=== THE TASK ===
A single number is all that's needed: how many lines in the data contain the string "boundedLbl".

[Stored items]
========================================================================

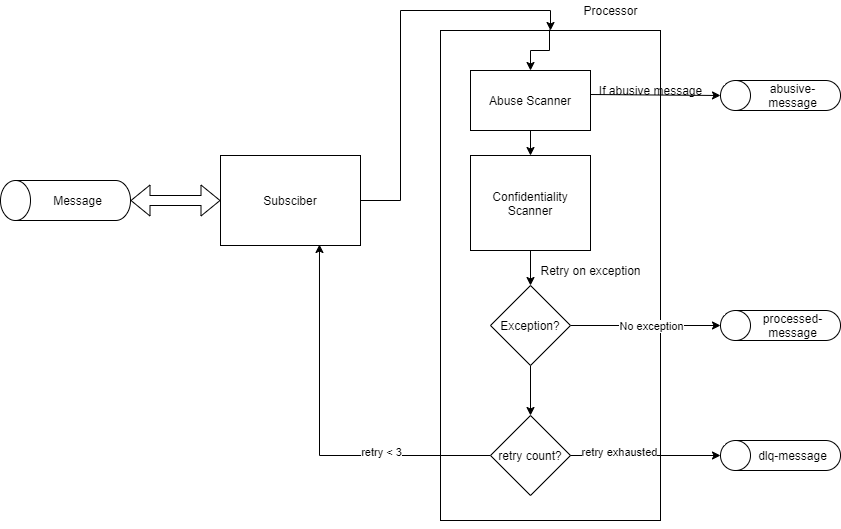

The diagram above was exported from draw.io. Its source (the exported page's mxGraphModel, read from the mxfile embedded in the PNG):
<mxGraphModel dx="868" dy="482" grid="1" gridSize="10" guides="1" tooltips="1" connect="1" arrows="1" fold="1" page="1" pageScale="1" pageWidth="850" pageHeight="1100" math="0" shadow="0">
  <root>
    <mxCell id="0" />
    <mxCell id="1" parent="0" />
    <mxCell id="JLv5--RsgvomBnjnf3lx-27" value="" style="rounded=0;whiteSpace=wrap;html=1;" parent="1" vertex="1">
      <mxGeometry x="460" y="40" width="220" height="490" as="geometry" />
    </mxCell>
    <mxCell id="JLv5--RsgvomBnjnf3lx-1" value="Message" style="shape=cylinder3;whiteSpace=wrap;html=1;boundedLbl=1;backgroundOutline=1;size=15;direction=north;" parent="1" vertex="1">
      <mxGeometry x="20" y="190" width="130" height="40" as="geometry" />
    </mxCell>
    <mxCell id="JLv5--RsgvomBnjnf3lx-44" style="edgeStyle=orthogonalEdgeStyle;rounded=0;orthogonalLoop=1;jettySize=auto;html=1;entryX=0.5;entryY=0;entryDx=0;entryDy=0;" parent="1" source="JLv5--RsgvomBnjnf3lx-2" target="JLv5--RsgvomBnjnf3lx-27" edge="1">
      <mxGeometry relative="1" as="geometry" />
    </mxCell>
    <mxCell id="JLv5--RsgvomBnjnf3lx-2" value="Subsciber" style="rounded=0;whiteSpace=wrap;html=1;" parent="1" vertex="1">
      <mxGeometry x="240" y="165" width="140" height="90" as="geometry" />
    </mxCell>
    <mxCell id="JLv5--RsgvomBnjnf3lx-49" style="edgeStyle=orthogonalEdgeStyle;rounded=0;orthogonalLoop=1;jettySize=auto;html=1;entryX=0.5;entryY=0;entryDx=0;entryDy=0;exitX=0.95;exitY=0.95;exitDx=0;exitDy=0;exitPerimeter=0;" parent="1" source="JLv5--RsgvomBnjnf3lx-6" target="JLv5--RsgvomBnjnf3lx-11" edge="1">
      <mxGeometry relative="1" as="geometry" />
    </mxCell>
    <mxCell id="JLv5--RsgvomBnjnf3lx-6" value="&lt;span style=&quot;color: rgba(0 , 0 , 0 , 0) ; font-family: monospace ; font-size: 0px&quot;&gt;%3CmxGraphModel%3E%3Croot%3E%3CmxCell%20id%3D%220%22%2F%3E%3CmxCell%20id%3D%221%22%20parent%3D%220%22%2F%3E%3CmxCell%20id%3D%222%22%20value%3D%22Processor%22%20style%3D%22text%3Bhtml%3D1%3Balign%3Dcenter%3BverticalAlign%3Dmiddle%3Bresizable%3D0%3Bpoints%3D%5B%5D%3Bautosize%3D1%3BstrokeColor%3Dnone%3B%22%20vertex%3D%221%22%20parent%3D%221%22%3E%3CmxGeometry%20x%3D%22545%22%20y%3D%22390%22%20width%3D%2270%22%20height%3D%2220%22%20as%3D%22geometry%22%2F%3E%3C%2FmxCell%3E%3C%2Froot%3E%3C%2FmxGraphModel%3EProce&lt;/span&gt;" style="text;html=1;align=center;verticalAlign=middle;resizable=0;points=[];autosize=1;strokeColor=none;" parent="1" vertex="1">
      <mxGeometry x="550" y="20" width="20" height="20" as="geometry" />
    </mxCell>
    <mxCell id="JLv5--RsgvomBnjnf3lx-11" value="Abuse Scanner" style="rounded=0;whiteSpace=wrap;html=1;" parent="1" vertex="1">
      <mxGeometry x="490" y="80" width="120" height="60" as="geometry" />
    </mxCell>
    <mxCell id="JLv5--RsgvomBnjnf3lx-13" value="abusive-message" style="shape=cylinder3;whiteSpace=wrap;html=1;boundedLbl=1;backgroundOutline=1;size=15;direction=north;" parent="1" vertex="1">
      <mxGeometry x="740" y="90" width="120" height="30" as="geometry" />
    </mxCell>
    <mxCell id="JLv5--RsgvomBnjnf3lx-14" value="" style="endArrow=classic;html=1;exitX=1;exitY=0.4;exitDx=0;exitDy=0;entryX=0.5;entryY=0;entryDx=0;entryDy=0;entryPerimeter=0;exitPerimeter=0;" parent="1" source="JLv5--RsgvomBnjnf3lx-11" target="JLv5--RsgvomBnjnf3lx-13" edge="1">
      <mxGeometry width="50" height="50" relative="1" as="geometry">
        <mxPoint x="600" y="180" as="sourcePoint" />
        <mxPoint x="650" y="130" as="targetPoint" />
      </mxGeometry>
    </mxCell>
    <mxCell id="JLv5--RsgvomBnjnf3lx-15" value="If abusive message&lt;br&gt;" style="text;html=1;align=center;verticalAlign=middle;resizable=0;points=[];autosize=1;strokeColor=none;" parent="1" vertex="1">
      <mxGeometry x="610" y="90" width="120" height="20" as="geometry" />
    </mxCell>
    <mxCell id="JLv5--RsgvomBnjnf3lx-16" value="" style="endArrow=classic;html=1;exitX=0.5;exitY=1;exitDx=0;exitDy=0;" parent="1" source="JLv5--RsgvomBnjnf3lx-11" target="JLv5--RsgvomBnjnf3lx-19" edge="1">
      <mxGeometry width="50" height="50" relative="1" as="geometry">
        <mxPoint x="600" y="170" as="sourcePoint" />
        <mxPoint x="750" y="270" as="targetPoint" />
      </mxGeometry>
    </mxCell>
    <mxCell id="JLv5--RsgvomBnjnf3lx-34" style="edgeStyle=orthogonalEdgeStyle;rounded=0;orthogonalLoop=1;jettySize=auto;html=1;entryX=0.5;entryY=0;entryDx=0;entryDy=0;" parent="1" source="JLv5--RsgvomBnjnf3lx-19" target="JLv5--RsgvomBnjnf3lx-29" edge="1">
      <mxGeometry relative="1" as="geometry" />
    </mxCell>
    <mxCell id="JLv5--RsgvomBnjnf3lx-19" value="Confidentiality Scanner" style="rounded=0;whiteSpace=wrap;html=1;" parent="1" vertex="1">
      <mxGeometry x="490" y="165" width="120" height="95" as="geometry" />
    </mxCell>
    <mxCell id="JLv5--RsgvomBnjnf3lx-28" value="&lt;span&gt;processed-message&lt;/span&gt;" style="shape=cylinder3;whiteSpace=wrap;html=1;boundedLbl=1;backgroundOutline=1;size=15;direction=north;" parent="1" vertex="1">
      <mxGeometry x="740" y="320" width="120" height="30" as="geometry" />
    </mxCell>
    <mxCell id="JLv5--RsgvomBnjnf3lx-30" style="edgeStyle=orthogonalEdgeStyle;rounded=0;orthogonalLoop=1;jettySize=auto;html=1;entryX=0.5;entryY=0;entryDx=0;entryDy=0;entryPerimeter=0;" parent="1" source="JLv5--RsgvomBnjnf3lx-29" target="JLv5--RsgvomBnjnf3lx-28" edge="1">
      <mxGeometry relative="1" as="geometry">
        <Array as="points">
          <mxPoint x="690" y="335" />
          <mxPoint x="690" y="335" />
        </Array>
      </mxGeometry>
    </mxCell>
    <mxCell id="JLv5--RsgvomBnjnf3lx-43" value="No exception" style="edgeLabel;html=1;align=center;verticalAlign=middle;resizable=0;points=[];" parent="JLv5--RsgvomBnjnf3lx-30" vertex="1" connectable="0">
      <mxGeometry x="0.3333" y="-1" relative="1" as="geometry">
        <mxPoint x="-20" y="-1" as="offset" />
      </mxGeometry>
    </mxCell>
    <mxCell id="JLv5--RsgvomBnjnf3lx-31" style="edgeStyle=orthogonalEdgeStyle;rounded=0;orthogonalLoop=1;jettySize=auto;html=1;entryX=0.707;entryY=0.989;entryDx=0;entryDy=0;entryPerimeter=0;exitX=0;exitY=0.5;exitDx=0;exitDy=0;" parent="1" source="JLv5--RsgvomBnjnf3lx-36" target="JLv5--RsgvomBnjnf3lx-2" edge="1">
      <mxGeometry relative="1" as="geometry" />
    </mxCell>
    <mxCell id="JLv5--RsgvomBnjnf3lx-42" value="retry &amp;lt; 3" style="edgeLabel;html=1;align=center;verticalAlign=middle;resizable=0;points=[];" parent="JLv5--RsgvomBnjnf3lx-31" vertex="1" connectable="0">
      <mxGeometry x="-0.4241" y="-4" relative="1" as="geometry">
        <mxPoint as="offset" />
      </mxGeometry>
    </mxCell>
    <mxCell id="JLv5--RsgvomBnjnf3lx-37" style="edgeStyle=orthogonalEdgeStyle;rounded=0;orthogonalLoop=1;jettySize=auto;html=1;" parent="1" source="JLv5--RsgvomBnjnf3lx-29" target="JLv5--RsgvomBnjnf3lx-36" edge="1">
      <mxGeometry relative="1" as="geometry" />
    </mxCell>
    <mxCell id="JLv5--RsgvomBnjnf3lx-29" value="Exception?" style="rhombus;whiteSpace=wrap;html=1;" parent="1" vertex="1">
      <mxGeometry x="510" y="295" width="80" height="80" as="geometry" />
    </mxCell>
    <mxCell id="JLv5--RsgvomBnjnf3lx-35" value="Retry on exception" style="text;html=1;align=center;verticalAlign=middle;resizable=0;points=[];autosize=1;strokeColor=none;" parent="1" vertex="1">
      <mxGeometry x="550" y="270" width="120" height="20" as="geometry" />
    </mxCell>
    <mxCell id="JLv5--RsgvomBnjnf3lx-39" style="edgeStyle=orthogonalEdgeStyle;rounded=0;orthogonalLoop=1;jettySize=auto;html=1;" parent="1" source="JLv5--RsgvomBnjnf3lx-36" target="JLv5--RsgvomBnjnf3lx-38" edge="1">
      <mxGeometry relative="1" as="geometry" />
    </mxCell>
    <mxCell id="JLv5--RsgvomBnjnf3lx-40" value="retry exhausted" style="edgeLabel;html=1;align=center;verticalAlign=middle;resizable=0;points=[];" parent="JLv5--RsgvomBnjnf3lx-39" vertex="1" connectable="0">
      <mxGeometry x="-0.36" y="4" relative="1" as="geometry">
        <mxPoint as="offset" />
      </mxGeometry>
    </mxCell>
    <mxCell id="JLv5--RsgvomBnjnf3lx-36" value="retry count?" style="rhombus;whiteSpace=wrap;html=1;" parent="1" vertex="1">
      <mxGeometry x="510" y="425" width="80" height="80" as="geometry" />
    </mxCell>
    <mxCell id="JLv5--RsgvomBnjnf3lx-38" value="dlq-message" style="shape=cylinder3;whiteSpace=wrap;html=1;boundedLbl=1;backgroundOutline=1;size=15;direction=north;" parent="1" vertex="1">
      <mxGeometry x="740" y="450" width="120" height="30" as="geometry" />
    </mxCell>
    <mxCell id="JLv5--RsgvomBnjnf3lx-41" style="edgeStyle=orthogonalEdgeStyle;rounded=0;orthogonalLoop=1;jettySize=auto;html=1;exitX=0.5;exitY=1;exitDx=0;exitDy=0;" parent="1" source="JLv5--RsgvomBnjnf3lx-27" target="JLv5--RsgvomBnjnf3lx-27" edge="1">
      <mxGeometry relative="1" as="geometry">
        <mxPoint x="570" y="610" as="targetPoint" />
      </mxGeometry>
    </mxCell>
    <mxCell id="JLv5--RsgvomBnjnf3lx-50" value="Processor" style="text;html=1;align=center;verticalAlign=middle;resizable=0;points=[];autosize=1;strokeColor=none;" parent="1" vertex="1">
      <mxGeometry x="595" y="10" width="70" height="20" as="geometry" />
    </mxCell>
    <mxCell id="YWtMBDIxdI2wi6CqbQK7-2" value="" style="shape=flexArrow;endArrow=classic;startArrow=classic;html=1;exitX=0.5;exitY=1;exitDx=0;exitDy=0;exitPerimeter=0;entryX=0;entryY=0.5;entryDx=0;entryDy=0;" edge="1" parent="1" source="JLv5--RsgvomBnjnf3lx-1" target="JLv5--RsgvomBnjnf3lx-2">
      <mxGeometry width="100" height="100" relative="1" as="geometry">
        <mxPoint x="170" y="300" as="sourcePoint" />
        <mxPoint x="270" y="200" as="targetPoint" />
      </mxGeometry>
    </mxCell>
  </root>
</mxGraphModel>

========================================================================

=== ANSWER AREA ===
4